Dall’Introduzione di Ubaldo Giacomucci:

Il ritmo serrato, la coerenza stilistica, la tensione espressiva concorrono alla realizzazione di una raccolta di poesie che superano il tradizionale concetto di poesia d’occasione per testimoniare una dimensione esistenziale della ricerca poetica, con una verve di cui la poesia contemporanea ha più che mai bisogno. Scrittura poetica di valore, dunque.

Dalla Postfazione di Giulio Panzani:

L’autrice parla di se stessa col sigillo di una solitudine che supera i confini di una storia per sopravvivere in una dimensione sospesa fra cielo e terra, diversa cioè da quella comunemente intesa da chi cerchi nei suoi labirinti, compagna ineludibile della libertà delle attese consapevoli, a loro volta, dell’impossibilità di andare oltre l’orizzonte.

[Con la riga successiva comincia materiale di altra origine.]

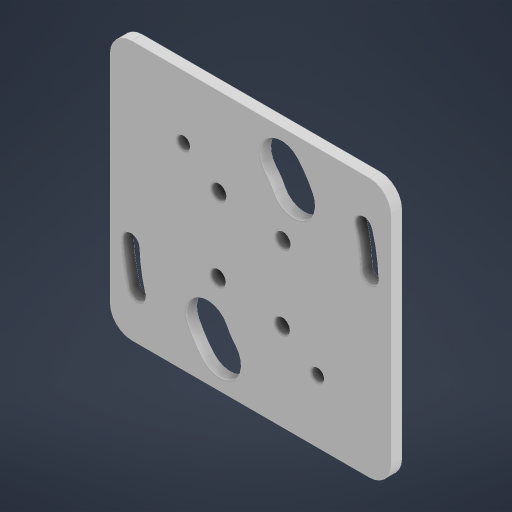
# Autodesk Inventor part: mount-plate
Saved by Autodesk Inventor 2024 (Build 280153000, 153)
## iProperties
Created: 2024-05-17
Part Number: mount-plate
Material: Generic
Document SubType Name: Modeling
Designer: loren
Density: 1 g/cm^3
Appearance: Default
Author: loren
## iProperties of the stored document mount-plate_3DPrint.ipt
Created: 2026-02-06
Part Number: mount-plate_3DPrint
Material: Generic
Document SubType Name: Modeling
Designer: lokies
Density: 1 g/cm^3
Appearance: Default
Author: lokies
Autodesk Inventor part; units mm, degrees
ref_plane "YZ Plane" through (0, 0, 0) normal (1, 0, 0) x (0, 1, 0)
ref_plane "XZ Plane" through (0, 0, 0) normal (0, 1, 0) x (-1, 0, 0)
ref_plane "XY Plane" through (0, 0, 0) normal (0, 0, 1) x (1, 0, 0)
sketch "Sketch1" plane through (0, 0, 0) normal (0, 0, 1) x (1, 0, 0)
  line L0 (-32.5, 30) -> (32.5, 30)
  line L1 (32.5, 30) -> (32.5, -30)
  line L2 (32.5, -30) -> (-32.5, -30)
  line L3 (-32.5, -30) -> (-32.5, 30)
  point P0 (0, 0)
  point P1 (32.5, 0)
  point P2 (0, 30)
  dimension "d31" = 65
  dimension "d32" = 60
  constraints: 8 end point, 2 midpoint, 2 parallel, 1 horizontal, 1 horizontal alignment, 1 perpendicular, 1 vertical alignment
  measures "d31" distance of L0.start L0.end
  measures "d32" distance of L0.end L1.end
extrude "Extrusion1" add sketch "Sketch1" along normal blind 2.5
sketch "Sketch2" plane through (0, 0, 2.5) normal (0, 0, 1) x (1, 0, 0)
  circle A0 centre (-15.5, 15.5) radius 1.5
  line L0 (-15.5, 15.5) -> (9.1537, 19.6464) construction
  line L1 (9.1537, 19.6464) -> (10.0481, 11.6966) construction
  line L2 (-7.3422, 9.7403) -> (27.4384, 13.6529) construction
  circle A1 centre (10.0481, 11.6966) radius 14 construction
  line L3 (4.1293, -0.9907) -> (4.6943, -6.0129)
  line L4 (4.6943, -6.0129) -> (19.2027, -4.3808) construction
  line L5 (19.2027, -4.3808) -> (18.6378, 0.6414)
  circle A2 centre (-15.5, 15.5) radius 19.9154 construction
  circle A3 centre (9.1537, 19.6464) radius 7.5 construction
  line L6 (-15.5, 15.5) -> (15.5, -15.5) construction
  circle A4 centre (15.5, -15.5) radius 19.9154 construction
  line L7 (-18.6378, -0.6414) -> (-19.2027, 4.3808)
  line L8 (18.9203, -1.8697) -> (-18.9203, 1.8697) construction
  line L9 (-4.1293, 0.9907) -> (-4.6943, 6.0129)
  line L10 (4.4118, -3.5018) -> (-4.4118, 3.5018) construction
  arc A5 (25.6476, 10.5572) -> (24.3121, 19.0678) centre (-7.3422, 9.7403) ccw
  arc A6 (25.6476, 10.5572) -> (29.6464, 10.6562) centre (27.647, 10.6067) ccw
  arc A7 (29.6464, 10.6562) -> (28.149, 20.1984) centre (-7.3422, 9.7403) ccw
  arc A8 (28.149, 20.1984) -> (24.3121, 19.0678) centre (26.2305, 19.6331) ccw
  arc A9 (27.647, 10.6067) -> (26.2305, 19.6331) centre (-7.3422, 9.7403) ccw construction
  arc A10 (9.9544, 18.171) -> (7.1829, 22.3604) centre (-7.3422, 9.7403) ccw construction
  arc A11 (5.4598, 15.9803) -> (3.4086, 19.0811) centre (-7.3422, 9.7403) ccw
  arc A12 (10.9573, 25.6398) -> (3.4086, 19.0811) centre (7.1829, 22.3604) ccw
  arc A13 (14.4489, 20.3618) -> (10.9573, 25.6398) centre (-7.3422, 9.7403) ccw
  arc A14 (5.4598, 15.9803) -> (14.4489, 20.3618) centre (9.9544, 18.171) ccw
  circle A15 centre (-7.3422, 9.7403) radius 1.75
  circle A16 centre (7.5, 7.5) radius 1.75
  line L11 (0, 0) -> (7.5, 7.5) construction
  line L12 (-4.6943, 6.0129) -> (-3.0147, 6.6604) construction
  circle A17 centre (9.9544, 18.171) radius 7.5
  circle A18 centre (0, 0) radius 13.25
  dimension "d3" = 15.5
  dimension "d4" = 3
  dimension "d5" = 15.5
  dimension "d6" = 25
  dimension "d7" = 8
  dimension "d8" = 35
  dimension "d9" = 28
  dimension "d11" = 17
  dimension "d12" = 14.6
  dimension "d13" = 39.8307
  dimension "d14" = 15
  dimension "d17" = 4
  dimension "d18" = 5
  dimension "d19" = 10
  dimension "d20" = 5
  dimension "d21" = 10
  dimension "d22" = 10
  dimension "d23" = 3.5
  dimension "d27" = 7.5
  dimension "d35" = 4
  dimension "d36" = 1.8
  dimension "d37" = 15
  dimension "d38" = 26.5
  constraints: 26 end point, 25 point on circle, 19 centre point, 16 coincident, 8 midpoint, 8 tangent, 6 parallel, 4 perpendicular, 2 equal radius, 1 line through centre
  measures "d3" horizontal distance of point (0, 0) L0.start
  measures "d4" diameter of A0
  measures "d5" horizontal distance of point (0, 0) L0.start
  measures "d6" distance of L0.start L0.end
  measures "d7" distance of L0.end L1.end
  measures "d8" distance of L2.start L2.end
  measures "d9" diameter of A1
  measures "d11" distance from line of L1.end L4
  measures "d12" distance of L3.end L4.end
  measures "d13" diameter of A2
  measures "d14" diameter of A3
  measures "d17" radial gap between concentric circles of A7 A5
  measures "d22" radial gap between concentric circles of A11 A13
  measures "d23" diameter of A15
  measures "d27" horizontal distance of point (0, 0) L11.end
  measures "d35" distance from line of L9.end L2
  measures "d36" distance of L9.end L12.end
  measures "d37" diameter of A17
  measures "d38" diameter of A18
extrude "Extrusion2" cut sketch "Sketch2" against normal blind 3 contours A0 | A5 A8 A7 A6 | A11 A12 A17 A13 A14 | A12 A13 A17 | A18 A15 | A15 A18 | A16
pattern_circular "Circular Pattern1" count 2 over 360 about axis through (0, 0, -10) along (0, 0, 1) of "Extrusion2"
fillet "Fillet1" radius 5 4 edges at (32.5, 30, 1.25) (32.5, -30, 1.25) (-32.5, -30, 1.25) (-32.5, 30, 1.25)
equation "\"d3\" = 0.5 * mount_screw_ortho_dist"
equation "\"d4\" = screw_dia"
equation "\"d5\" = d3"
equation "\"d7\" = stepper_axis_offset"
equation "\"d8\" = stepper_screw_dist"
equation "\"d9\" = stepper_dia"
equation "\"d13\" = HeadDiameter"
equation "\"stepper_screw_dist\" = 35"
equation "\"stepper_axis_offset\" = 8"
equation "\"mount_screw_ortho_dist\" = 31"
equation "\"screw_dia\" = 3"
equation "\"stepper_dia\" = 28"
equation "\"thumbscrew_dia\" = 15.8"
equation "\"helix_length\" = 3.5"
equation "\"helix_width\" = 2"
equation "\"helix_fillet\" = 0.3"
equation "\"helix_inner_dia\" = 19"
equation "\"helix_outer_dia\" = 23"
equation "\"elephant_prevention_radius\" = 0.3"
equation "\"gear_center_distance\" = 25"
equation "\"sheet_thick\" = 2.5"
equation "\"helix_winding_factor\" = 1.2"
equation "\"HeadDiameter\" = 39.830729"
body "Solid1"

Un luogo indefinito, quest’ultimo, laddove ogni confine sembra dapprima raggiungibile e si fa, poi, di volta in volta più lontano fra allusioni e rimandi che si nutrono di malinconia. È un intimismo segnato da ferite profonde, quello di Daniela Quieti, ma compiuto stilisticamente nel rapporto fra simboli e miti e che consente di lasciare da parte l’unità metrica per realizzarsi in quella linguistica sorretta da scelte personalissime e di sicura efficacia.